Feeds:
Entradas
Comentarios

Posts Tagged ‘William McKinley’

Comparto con mis lectores este ensayo del historiador británico Marc-William Palen refutando la idea de que el uso coercitivo que está haciendo Trump de los aranceles es algo novedoso en la historia estadounidense. Según Palen, el Partido Republicano tiene una vieja historia de uso del  proteccionismo con fines imperiales. Esta se remonta a finales del siglo XIX y en específico, a la aprobación en 1890 del llamado arancel McKinley.

Para apoyar su argumento el autor analiza tres casos del uso por los republicanos de aranceles coercitivos y de la reciprocidad con objetivos políticos:  en la década de 1890 con la intención de forzar la anexión de Canadá; en 1901 para expandir el control político sobre Cuba y en los famosos casos insulares –especialmente Downes vs. Bidwell (1901)– con el fin de bloquear la posible migración a Estados Unidos de los sujetos coloniales adquiridos gracias a  la guerra con España de 1898.

El autor concluye que “el uso coercitivo de los aranceles por parte de Trump para cuestiones más allá del comercio no es nuevo, es un regreso a las raíces proteccionistas del Partido Republicano”.

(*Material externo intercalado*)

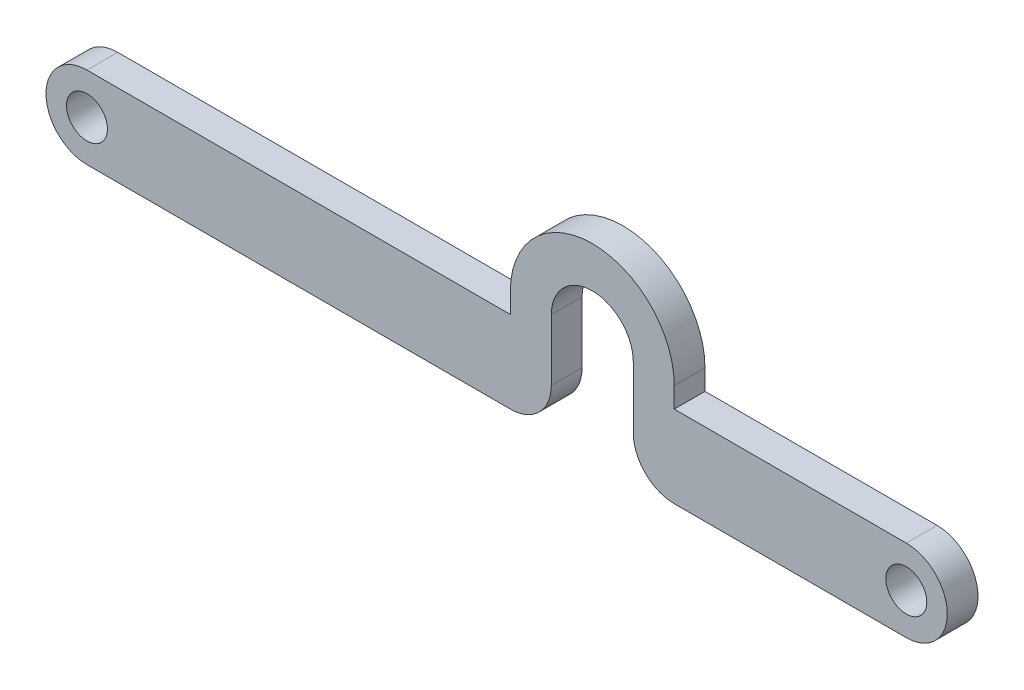
ISO-10303-21;
HEADER;
FILE_DESCRIPTION(('STEP AP214'),'2;1');
FILE_NAME('part.step','',(''),(''),'','','');
FILE_SCHEMA(('AUTOMOTIVE_DESIGN { 1 0 10303 214 1 1 1 1 }'));
ENDSEC;
DATA;
#1=APPLICATION_CONTEXT('core data for automotive mechanical design processes');
#2=APPLICATION_PROTOCOL_DEFINITION('international standard','automotive_design',2000,#1);
#3=PRODUCT_CONTEXT('',#1,'mechanical');
#4=PRODUCT('Part','Part','',(#3));
#5=PRODUCT_RELATED_PRODUCT_CATEGORY('part','',(#4));
#6=PRODUCT_DEFINITION_FORMATION('','',#4);
#7=PRODUCT_DEFINITION_CONTEXT('part definition',#1,'design');
#8=PRODUCT_DEFINITION('design','',#6,#7);
#9=PRODUCT_DEFINITION_SHAPE('','',#8);
#10=(LENGTH_UNIT() NAMED_UNIT(*) SI_UNIT(.MILLI.,.METRE.));
#11=(NAMED_UNIT(*) PLANE_ANGLE_UNIT() SI_UNIT($,.RADIAN.));
#12=(NAMED_UNIT(*) SI_UNIT($,.STERADIAN.) SOLID_ANGLE_UNIT());
#13=UNCERTAINTY_MEASURE_WITH_UNIT(LENGTH_MEASURE(1.E-05),#10,'distance_accuracy_value','');
#14=(GEOMETRIC_REPRESENTATION_CONTEXT(3) GLOBAL_UNCERTAINTY_ASSIGNED_CONTEXT((#13)) GLOBAL_UNIT_ASSIGNED_CONTEXT((#10,
#11,#12)) REPRESENTATION_CONTEXT('',''));
#15=CARTESIAN_POINT('',(0.,0.,0.));
#16=DIRECTION('',(0.,0.,1.));
#17=DIRECTION('',(1.,0.,0.));
#18=AXIS2_PLACEMENT_3D('',#15,#16,#17);
#19=CARTESIAN_POINT('',(28.6707991075856,0.,1.5));
#20=DIRECTION('',(0.,0.,-1.));
#21=DIRECTION('',(-1.,0.,0.));
#22=AXIS2_PLACEMENT_3D('',#19,#20,#21);
#23=PLANE('',#22);
#24=CARTESIAN_POINT('',(28.6707991075856,0.,1.5));
#25=DIRECTION('',(0.,0.,1.));
#26=DIRECTION('',(-1.,0.,0.));
#27=AXIS2_PLACEMENT_3D('',#24,#25,#26);
#28=CIRCLE('',#27,2.);
#29=CARTESIAN_POINT('',(26.6707991075856,0.,1.5));
#30=VERTEX_POINT('',#29);
#31=CARTESIAN_POINT('',(28.6707991075856,-2.,1.5));
#32=VERTEX_POINT('',#31);
#33=EDGE_CURVE('E197',#30,#32,#28,.T.);
#34=ORIENTED_EDGE('',*,*,#33,.T.);
#35=DIRECTION('',(1.,0.,0.));
#36=VECTOR('',#35,1.);
#37=CARTESIAN_POINT('',(28.6707991075856,-2.,1.5));
#38=LINE('',#37,#36);
#39=CARTESIAN_POINT('',(40.,-2.,1.5));
#40=VERTEX_POINT('',#39);
#41=EDGE_CURVE('E115',#32,#40,#38,.T.);
#42=ORIENTED_EDGE('',*,*,#41,.T.);
#43=CARTESIAN_POINT('',(40.,0.,1.5));
#44=DIRECTION('',(0.,0.,1.));
#45=DIRECTION('',(1.,0.,0.));
#46=AXIS2_PLACEMENT_3D('',#43,#44,#45);
#47=CIRCLE('',#46,2.);
#48=CARTESIAN_POINT('',(40.,2.,1.5));
#49=VERTEX_POINT('',#48);
#50=EDGE_CURVE('E230',#40,#49,#47,.T.);
#51=ORIENTED_EDGE('',*,*,#50,.T.);
#52=DIRECTION('',(-1.,0.,0.));
#53=VECTOR('',#52,1.);
#54=CARTESIAN_POINT('',(28.6707991075856,2.,1.5));
#55=LINE('',#54,#53);
#56=CARTESIAN_POINT('',(28.6707991075856,2.,1.5));
#57=VERTEX_POINT('',#56);
#58=EDGE_CURVE('E249',#49,#57,#55,.T.);
#59=ORIENTED_EDGE('',*,*,#58,.T.);
#60=DIRECTION('',(0.,1.,0.));
#61=VECTOR('',#60,1.);
#62=CARTESIAN_POINT('',(28.6707991075856,3.,1.5));
#63=LINE('',#62,#61);
#64=CARTESIAN_POINT('',(28.6707991075856,3.,1.5));
#65=VERTEX_POINT('',#64);
#66=EDGE_CURVE('E246',#57,#65,#63,.T.);
#67=ORIENTED_EDGE('',*,*,#66,.T.);
#68=CARTESIAN_POINT('',(24.6707991075856,3.,1.5));
#69=DIRECTION('',(0.,0.,1.));
#70=DIRECTION('',(1.,0.,0.));
#71=AXIS2_PLACEMENT_3D('',#68,#69,#70);
#72=CIRCLE('',#71,4.);
#73=CARTESIAN_POINT('',(20.6707991075856,2.99999999999997,1.5));
#74=VERTEX_POINT('',#73);
#75=EDGE_CURVE('E248',#65,#74,#72,.T.);
#76=ORIENTED_EDGE('',*,*,#75,.T.);
#77=DIRECTION('',(0.,-1.,0.));
#78=VECTOR('',#77,1.);
#79=CARTESIAN_POINT('',(20.6707991075856,2.99999999999997,1.5));
#80=LINE('',#79,#78);
#81=CARTESIAN_POINT('',(20.6707991075856,2.,1.5));
#82=VERTEX_POINT('',#81);
#83=EDGE_CURVE('E251',#74,#82,#80,.T.);
#84=ORIENTED_EDGE('',*,*,#83,.T.);
#85=DIRECTION('',(-1.,0.,0.));
#86=VECTOR('',#85,1.);
#87=CARTESIAN_POINT('',(0.,2.,1.5));
#88=LINE('',#87,#86);
#89=CARTESIAN_POINT('',(0.,2.,1.5));
#90=VERTEX_POINT('',#89);
#91=EDGE_CURVE('E257',#82,#90,#88,.T.);
#92=ORIENTED_EDGE('',*,*,#91,.T.);
#93=CARTESIAN_POINT('',(0.,0.,1.5));
#94=DIRECTION('',(0.,0.,1.));
#95=DIRECTION('',(1.,0.,0.));
#96=AXIS2_PLACEMENT_3D('',#93,#94,#95);
#97=CIRCLE('',#96,2.);
#98=CARTESIAN_POINT('',(0.,-2.,1.5));
#99=VERTEX_POINT('',#98);
#100=EDGE_CURVE('E259',#90,#99,#97,.T.);
#101=ORIENTED_EDGE('',*,*,#100,.T.);
#102=DIRECTION('',(1.,0.,0.));
#103=VECTOR('',#102,1.);
#104=CARTESIAN_POINT('',(0.,-2.,1.5));
#105=LINE('',#104,#103);
#106=CARTESIAN_POINT('',(20.6707991075856,-2.,1.5));
#107=VERTEX_POINT('',#106);
#108=EDGE_CURVE('E261',#99,#107,#105,.T.);
#109=ORIENTED_EDGE('',*,*,#108,.T.);
#110=CARTESIAN_POINT('',(20.6707991075856,0.,1.5));
#111=DIRECTION('',(0.,0.,1.));
#112=DIRECTION('',(-1.,0.,0.));
#113=AXIS2_PLACEMENT_3D('',#110,#111,#112);
#114=CIRCLE('',#113,2.);
#115=CARTESIAN_POINT('',(22.6707991075856,0.,1.5));
#116=VERTEX_POINT('',#115);
#117=EDGE_CURVE('E152',#107,#116,#114,.T.);
#118=ORIENTED_EDGE('',*,*,#117,.T.);
#119=DIRECTION('',(0.,1.,0.));
#120=VECTOR('',#119,1.);
#121=CARTESIAN_POINT('',(22.6707991075856,3.,1.5));
#122=LINE('',#121,#120);
#123=CARTESIAN_POINT('',(22.6707991075856,3.,1.5));
#124=VERTEX_POINT('',#123);
#125=EDGE_CURVE('E146',#116,#124,#122,.T.);
#126=ORIENTED_EDGE('',*,*,#125,.T.);
#127=CARTESIAN_POINT('',(24.6707991075856,3.,1.5));
#128=DIRECTION('',(0.,0.,-1.));
#129=DIRECTION('',(1.,0.,0.));
#130=AXIS2_PLACEMENT_3D('',#127,#128,#129);
#131=CIRCLE('',#130,2.);
#132=CARTESIAN_POINT('',(26.6707991075856,3.,1.5));
#133=VERTEX_POINT('',#132);
#134=EDGE_CURVE('E150',#124,#133,#131,.T.);
#135=ORIENTED_EDGE('',*,*,#134,.T.);
#136=DIRECTION('',(0.,-1.,0.));
#137=VECTOR('',#136,1.);
#138=CARTESIAN_POINT('',(26.6707991075856,0.,1.5));
#139=LINE('',#138,#137);
#140=EDGE_CURVE('E54',#133,#30,#139,.T.);
#141=ORIENTED_EDGE('',*,*,#140,.T.);
#142=EDGE_LOOP('',(#34,#42,#51,#59,#67,#76,#84,#92,#101,#109,#118,#126,#135,#141));
#143=FACE_BOUND('',#142,.T.);
#144=CARTESIAN_POINT('',(40.,0.,1.5));
#145=DIRECTION('',(0.,0.,1.));
#146=DIRECTION('',(1.,0.,0.));
#147=AXIS2_PLACEMENT_3D('',#144,#145,#146);
#148=CIRCLE('',#147,0.999999999999998);
#149=CARTESIAN_POINT('',(41.,0.,1.5));
#150=VERTEX_POINT('',#149);
#151=EDGE_CURVE('E174',#150,#150,#148,.T.);
#152=ORIENTED_EDGE('',*,*,#151,.F.);
#153=EDGE_LOOP('',(#152));
#154=FACE_BOUND('',#153,.T.);
#155=CARTESIAN_POINT('',(0.,0.,1.5));
#156=DIRECTION('',(0.,0.,1.));
#157=DIRECTION('',(1.,0.,0.));
#158=AXIS2_PLACEMENT_3D('',#155,#156,#157);
#159=CIRCLE('',#158,1.);
#160=CARTESIAN_POINT('',(1.,0.,1.5));
#161=VERTEX_POINT('',#160);
#162=EDGE_CURVE('E302',#161,#161,#159,.T.);
#163=ORIENTED_EDGE('',*,*,#162,.F.);
#164=EDGE_LOOP('',(#163));
#165=FACE_BOUND('',#164,.T.);
#166=ADVANCED_FACE('F37',(#143,#154,#165),#23,.F.);
#167=CARTESIAN_POINT('',(28.6707991075856,0.,0.));
#168=DIRECTION('',(0.,0.,-1.));
#169=DIRECTION('',(-1.,0.,0.));
#170=AXIS2_PLACEMENT_3D('',#167,#168,#169);
#171=PLANE('',#170);
#172=CARTESIAN_POINT('',(40.,0.,0.));
#173=DIRECTION('',(0.,0.,1.));
#174=DIRECTION('',(1.,0.,0.));
#175=AXIS2_PLACEMENT_3D('',#172,#173,#174);
#176=CIRCLE('',#175,0.999999999999998);
#177=CARTESIAN_POINT('',(41.,0.,0.));
#178=VERTEX_POINT('',#177);
#179=EDGE_CURVE('E307',#178,#178,#176,.T.);
#180=ORIENTED_EDGE('',*,*,#179,.T.);
#181=EDGE_LOOP('',(#180));
#182=FACE_BOUND('',#181,.T.);
#183=CARTESIAN_POINT('',(28.6707991075856,0.,0.));
#184=DIRECTION('',(0.,0.,1.));
#185=DIRECTION('',(-1.,0.,0.));
#186=AXIS2_PLACEMENT_3D('',#183,#184,#185);
#187=CIRCLE('',#186,2.);
#188=CARTESIAN_POINT('',(26.6707991075856,0.,0.));
#189=VERTEX_POINT('',#188);
#190=CARTESIAN_POINT('',(28.6707991075856,-2.,0.));
#191=VERTEX_POINT('',#190);
#192=EDGE_CURVE('E170',#189,#191,#187,.T.);
#193=ORIENTED_EDGE('',*,*,#192,.F.);
#194=DIRECTION('',(0.,-1.,0.));
#195=VECTOR('',#194,1.);
#196=CARTESIAN_POINT('',(26.6707991075856,0.,0.));
#197=LINE('',#196,#195);
#198=CARTESIAN_POINT('',(26.6707991075856,3.,0.));
#199=VERTEX_POINT('',#198);
#200=EDGE_CURVE('E107',#199,#189,#197,.T.);
#201=ORIENTED_EDGE('',*,*,#200,.F.);
#202=CARTESIAN_POINT('',(24.6707991075856,3.,0.));
#203=DIRECTION('',(0.,0.,-1.));
#204=DIRECTION('',(1.,0.,0.));
#205=AXIS2_PLACEMENT_3D('',#202,#203,#204);
#206=CIRCLE('',#205,2.);
#207=CARTESIAN_POINT('',(22.6707991075856,3.,0.));
#208=VERTEX_POINT('',#207);
#209=EDGE_CURVE('E101',#208,#199,#206,.T.);
#210=ORIENTED_EDGE('',*,*,#209,.F.);
#211=DIRECTION('',(0.,1.,0.));
#212=VECTOR('',#211,1.);
#213=CARTESIAN_POINT('',(22.6707991075856,3.,0.));
#214=LINE('',#213,#212);
#215=CARTESIAN_POINT('',(22.6707991075856,0.,0.));
#216=VERTEX_POINT('',#215);
#217=EDGE_CURVE('E160',#216,#208,#214,.T.);
#218=ORIENTED_EDGE('',*,*,#217,.F.);
#219=CARTESIAN_POINT('',(20.6707991075856,0.,0.));
#220=DIRECTION('',(0.,0.,1.));
#221=DIRECTION('',(-1.,0.,0.));
#222=AXIS2_PLACEMENT_3D('',#219,#220,#221);
#223=CIRCLE('',#222,2.);
#224=CARTESIAN_POINT('',(20.6707991075856,-2.,0.));
#225=VERTEX_POINT('',#224);
#226=EDGE_CURVE('E192',#225,#216,#223,.T.);
#227=ORIENTED_EDGE('',*,*,#226,.F.);
#228=DIRECTION('',(1.,0.,0.));
#229=VECTOR('',#228,1.);
#230=CARTESIAN_POINT('',(0.,-2.,0.));
#231=LINE('',#230,#229);
#232=CARTESIAN_POINT('',(0.,-2.,0.));
#233=VERTEX_POINT('',#232);
#234=EDGE_CURVE('E190',#233,#225,#231,.T.);
#235=ORIENTED_EDGE('',*,*,#234,.F.);
#236=CARTESIAN_POINT('',(0.,0.,0.));
#237=DIRECTION('',(0.,0.,1.));
#238=DIRECTION('',(1.,0.,0.));
#239=AXIS2_PLACEMENT_3D('',#236,#237,#238);
#240=CIRCLE('',#239,2.);
#241=CARTESIAN_POINT('',(0.,2.,0.));
#242=VERTEX_POINT('',#241);
#243=EDGE_CURVE('E188',#242,#233,#240,.T.);
#244=ORIENTED_EDGE('',*,*,#243,.F.);
#245=DIRECTION('',(-1.,0.,0.));
#246=VECTOR('',#245,1.);
#247=CARTESIAN_POINT('',(0.,2.,0.));
#248=LINE('',#247,#246);
#249=CARTESIAN_POINT('',(20.6707991075856,2.,0.));
#250=VERTEX_POINT('',#249);
#251=EDGE_CURVE('E186',#250,#242,#248,.T.);
#252=ORIENTED_EDGE('',*,*,#251,.F.);
#253=DIRECTION('',(0.,-1.,0.));
#254=VECTOR('',#253,1.);
#255=CARTESIAN_POINT('',(20.6707991075856,2.99999999999997,0.));
#256=LINE('',#255,#254);
#257=CARTESIAN_POINT('',(20.6707991075856,2.99999999999997,0.));
#258=VERTEX_POINT('',#257);
#259=EDGE_CURVE('E184',#258,#250,#256,.T.);
#260=ORIENTED_EDGE('',*,*,#259,.F.);
#261=CARTESIAN_POINT('',(24.6707991075856,3.,0.));
#262=DIRECTION('',(0.,0.,1.));
#263=DIRECTION('',(1.,0.,0.));
#264=AXIS2_PLACEMENT_3D('',#261,#262,#263);
#265=CIRCLE('',#264,4.);
#266=CARTESIAN_POINT('',(28.6707991075856,3.,0.));
#267=VERTEX_POINT('',#266);
#268=EDGE_CURVE('E182',#267,#258,#265,.T.);
#269=ORIENTED_EDGE('',*,*,#268,.F.);
#270=DIRECTION('',(0.,1.,0.));
#271=VECTOR('',#270,1.);
#272=CARTESIAN_POINT('',(28.6707991075856,3.,0.));
#273=LINE('',#272,#271);
#274=CARTESIAN_POINT('',(28.6707991075856,2.,0.));
#275=VERTEX_POINT('',#274);
#276=EDGE_CURVE('E180',#275,#267,#273,.T.);
#277=ORIENTED_EDGE('',*,*,#276,.F.);
#278=DIRECTION('',(-1.,0.,0.));
#279=VECTOR('',#278,1.);
#280=CARTESIAN_POINT('',(28.6707991075856,2.,0.));
#281=LINE('',#280,#279);
#282=CARTESIAN_POINT('',(40.,2.,0.));
#283=VERTEX_POINT('',#282);
#284=EDGE_CURVE('E178',#283,#275,#281,.T.);
#285=ORIENTED_EDGE('',*,*,#284,.F.);
#286=CARTESIAN_POINT('',(40.,0.,0.));
#287=DIRECTION('',(0.,0.,1.));
#288=DIRECTION('',(1.,0.,0.));
#289=AXIS2_PLACEMENT_3D('',#286,#287,#288);
#290=CIRCLE('',#289,2.);
#291=CARTESIAN_POINT('',(40.,-2.,0.));
#292=VERTEX_POINT('',#291);
#293=EDGE_CURVE('E176',#292,#283,#290,.T.);
#294=ORIENTED_EDGE('',*,*,#293,.F.);
#295=DIRECTION('',(1.,0.,0.));
#296=VECTOR('',#295,1.);
#297=CARTESIAN_POINT('',(28.6707991075856,-2.,0.));
#298=LINE('',#297,#296);
#299=EDGE_CURVE('E173',#191,#292,#298,.T.);
#300=ORIENTED_EDGE('',*,*,#299,.F.);
#301=EDGE_LOOP('',(#193,#201,#210,#218,#227,#235,#244,#252,#260,#269,#277,#285,#294,#300));
#302=FACE_BOUND('',#301,.T.);
#303=CARTESIAN_POINT('',(0.,0.,0.));
#304=DIRECTION('',(0.,0.,1.));
#305=DIRECTION('',(1.,0.,0.));
#306=AXIS2_PLACEMENT_3D('',#303,#304,#305);
#307=CIRCLE('',#306,1.);
#308=CARTESIAN_POINT('',(1.,0.,0.));
#309=VERTEX_POINT('',#308);
#310=EDGE_CURVE('E305',#309,#309,#307,.T.);
#311=ORIENTED_EDGE('',*,*,#310,.T.);
#312=EDGE_LOOP('',(#311));
#313=FACE_BOUND('',#312,.T.);
#314=ADVANCED_FACE('F234',(#182,#302,#313),#171,.T.);
#315=CARTESIAN_POINT('',(28.6707991075856,0.,1.5));
#316=DIRECTION('',(0.,0.,-1.));
#317=DIRECTION('',(-1.,0.,0.));
#318=AXIS2_PLACEMENT_3D('',#315,#316,#317);
#319=CYLINDRICAL_SURFACE('',#318,2.);
#320=ORIENTED_EDGE('',*,*,#192,.T.);
#321=DIRECTION('',(0.,0.,-1.));
#322=VECTOR('',#321,1.);
#323=CARTESIAN_POINT('',(28.6707991075856,-2.,1.5));
#324=LINE('',#323,#322);
#325=EDGE_CURVE('E11',#32,#191,#324,.T.);
#326=ORIENTED_EDGE('',*,*,#325,.F.);
#327=ORIENTED_EDGE('',*,*,#33,.F.);
#328=DIRECTION('',(0.,0.,-1.));
#329=VECTOR('',#328,1.);
#330=CARTESIAN_POINT('',(26.6707991075856,0.,1.5));
#331=LINE('',#330,#329);
#332=EDGE_CURVE('E166',#30,#189,#331,.T.);
#333=ORIENTED_EDGE('',*,*,#332,.T.);
#334=EDGE_LOOP('',(#320,#326,#327,#333));
#335=FACE_BOUND('',#334,.T.);
#336=ADVANCED_FACE('F39',(#335),#319,.T.);
#337=CARTESIAN_POINT('',(28.6707991075856,-2.,1.5));
#338=DIRECTION('',(0.,1.,0.));
#339=DIRECTION('',(0.,0.,1.));
#340=AXIS2_PLACEMENT_3D('',#337,#338,#339);
#341=PLANE('',#340);
#342=ORIENTED_EDGE('',*,*,#299,.T.);
#343=DIRECTION('',(0.,0.,-1.));
#344=VECTOR('',#343,1.);
#345=CARTESIAN_POINT('',(40.,-2.,1.5));
#346=LINE('',#345,#344);
#347=EDGE_CURVE('E46',#40,#292,#346,.T.);
#348=ORIENTED_EDGE('',*,*,#347,.F.);
#349=ORIENTED_EDGE('',*,*,#41,.F.);
#350=ORIENTED_EDGE('',*,*,#325,.T.);
#351=EDGE_LOOP('',(#342,#348,#349,#350));
#352=FACE_BOUND('',#351,.T.);
#353=ADVANCED_FACE('F422',(#352),#341,.F.);
#354=CARTESIAN_POINT('',(40.,0.,1.5));
#355=DIRECTION('',(0.,0.,-1.));
#356=DIRECTION('',(-1.,0.,0.));
#357=AXIS2_PLACEMENT_3D('',#354,#355,#356);
#358=CYLINDRICAL_SURFACE('',#357,2.);
#359=ORIENTED_EDGE('',*,*,#293,.T.);
#360=DIRECTION('',(0.,0.,-1.));
#361=VECTOR('',#360,1.);
#362=CARTESIAN_POINT('',(40.,2.,1.5));
#363=LINE('',#362,#361);
#364=EDGE_CURVE('E222',#49,#283,#363,.T.);
#365=ORIENTED_EDGE('',*,*,#364,.F.);
#366=ORIENTED_EDGE('',*,*,#50,.F.);
#367=ORIENTED_EDGE('',*,*,#347,.T.);
#368=EDGE_LOOP('',(#359,#365,#366,#367));
#369=FACE_BOUND('',#368,.T.);
#370=ADVANCED_FACE('F228',(#369),#358,.T.);
#371=CARTESIAN_POINT('',(28.6707991075856,2.,1.5));
#372=DIRECTION('',(0.,-1.,0.));
#373=DIRECTION('',(0.,0.,-1.));
#374=AXIS2_PLACEMENT_3D('',#371,#372,#373);
#375=PLANE('',#374);
#376=ORIENTED_EDGE('',*,*,#284,.T.);
#377=DIRECTION('',(0.,0.,-1.));
#378=VECTOR('',#377,1.);
#379=CARTESIAN_POINT('',(28.6707991075856,2.,1.5));
#380=LINE('',#379,#378);
#381=EDGE_CURVE('E219',#57,#275,#380,.T.);
#382=ORIENTED_EDGE('',*,*,#381,.F.);
#383=ORIENTED_EDGE('',*,*,#58,.F.);
#384=ORIENTED_EDGE('',*,*,#364,.T.);
#385=EDGE_LOOP('',(#376,#382,#383,#384));
#386=FACE_BOUND('',#385,.T.);
#387=ADVANCED_FACE('F240',(#386),#375,.F.);
#388=CARTESIAN_POINT('',(28.6707991075856,3.,1.5));
#389=DIRECTION('',(-1.,0.,0.));
#390=DIRECTION('',(0.,0.,1.));
#391=AXIS2_PLACEMENT_3D('',#388,#389,#390);
#392=PLANE('',#391);
#393=ORIENTED_EDGE('',*,*,#276,.T.);
#394=DIRECTION('',(0.,0.,-1.));
#395=VECTOR('',#394,1.);
#396=CARTESIAN_POINT('',(28.6707991075856,3.,1.5));
#397=LINE('',#396,#395);
#398=EDGE_CURVE('E216',#65,#267,#397,.T.);
#399=ORIENTED_EDGE('',*,*,#398,.F.);
#400=ORIENTED_EDGE('',*,*,#66,.F.);
#401=ORIENTED_EDGE('',*,*,#381,.T.);
#402=EDGE_LOOP('',(#393,#399,#400,#401));
#403=FACE_BOUND('',#402,.T.);
#404=ADVANCED_FACE('F244',(#403),#392,.F.);
#405=CARTESIAN_POINT('',(24.6707991075856,3.,1.5));
#406=DIRECTION('',(0.,0.,-1.));
#407=DIRECTION('',(-1.,0.,0.));
#408=AXIS2_PLACEMENT_3D('',#405,#406,#407);
#409=CYLINDRICAL_SURFACE('',#408,4.);
#410=ORIENTED_EDGE('',*,*,#268,.T.);
#411=DIRECTION('',(0.,0.,-1.));
#412=VECTOR('',#411,1.);
#413=CARTESIAN_POINT('',(20.6707991075856,2.99999999999997,1.5));
#414=LINE('',#413,#412);
#415=EDGE_CURVE('E213',#74,#258,#414,.T.);
#416=ORIENTED_EDGE('',*,*,#415,.F.);
#417=ORIENTED_EDGE('',*,*,#75,.F.);
#418=ORIENTED_EDGE('',*,*,#398,.T.);
#419=EDGE_LOOP('',(#410,#416,#417,#418));
#420=FACE_BOUND('',#419,.T.);
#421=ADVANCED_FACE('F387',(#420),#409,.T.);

Palen es profesor en la University of Exeter. Posee un doctorado de la University of Texas (Austin). Sus investigaciones buscan  comparar y contrastar los imperios británico y estadounidense desde mediados del siglo XIX.  Es autor de  The “Conspiracy” of Free Trade: The Anglo-American Struggle over Empire and Economic Globalisation, 1846-1896 (Cambridge University Press, 2016) y de Pax Economica: Left-Wing Visions of a Free Trade World (Princeton University Press, 2024).


Trump materializa su amenaza e impone aranceles a México, Canadá y China desde el martes | Actualidad EconómicaNo, el uso coercitivo de los aranceles por parte de Trump no es nuevo

Marc-William Palen

CIGH Exeter 13 de febrero de 2025 

El “hombre de los aranceles» Trump continúa destrozando el sistema comercial al mismo tiempo que hace demandas imperiales para la expansión territorial. Para sorpresa de casi todos, su gran plan colonial para “hacer que Estados Unidos vuelva a ser grande” ahora incluye convertir a Canadá en el estado número 51, y usar la amenaza de aranceles punitivos para obtener lo que quiere.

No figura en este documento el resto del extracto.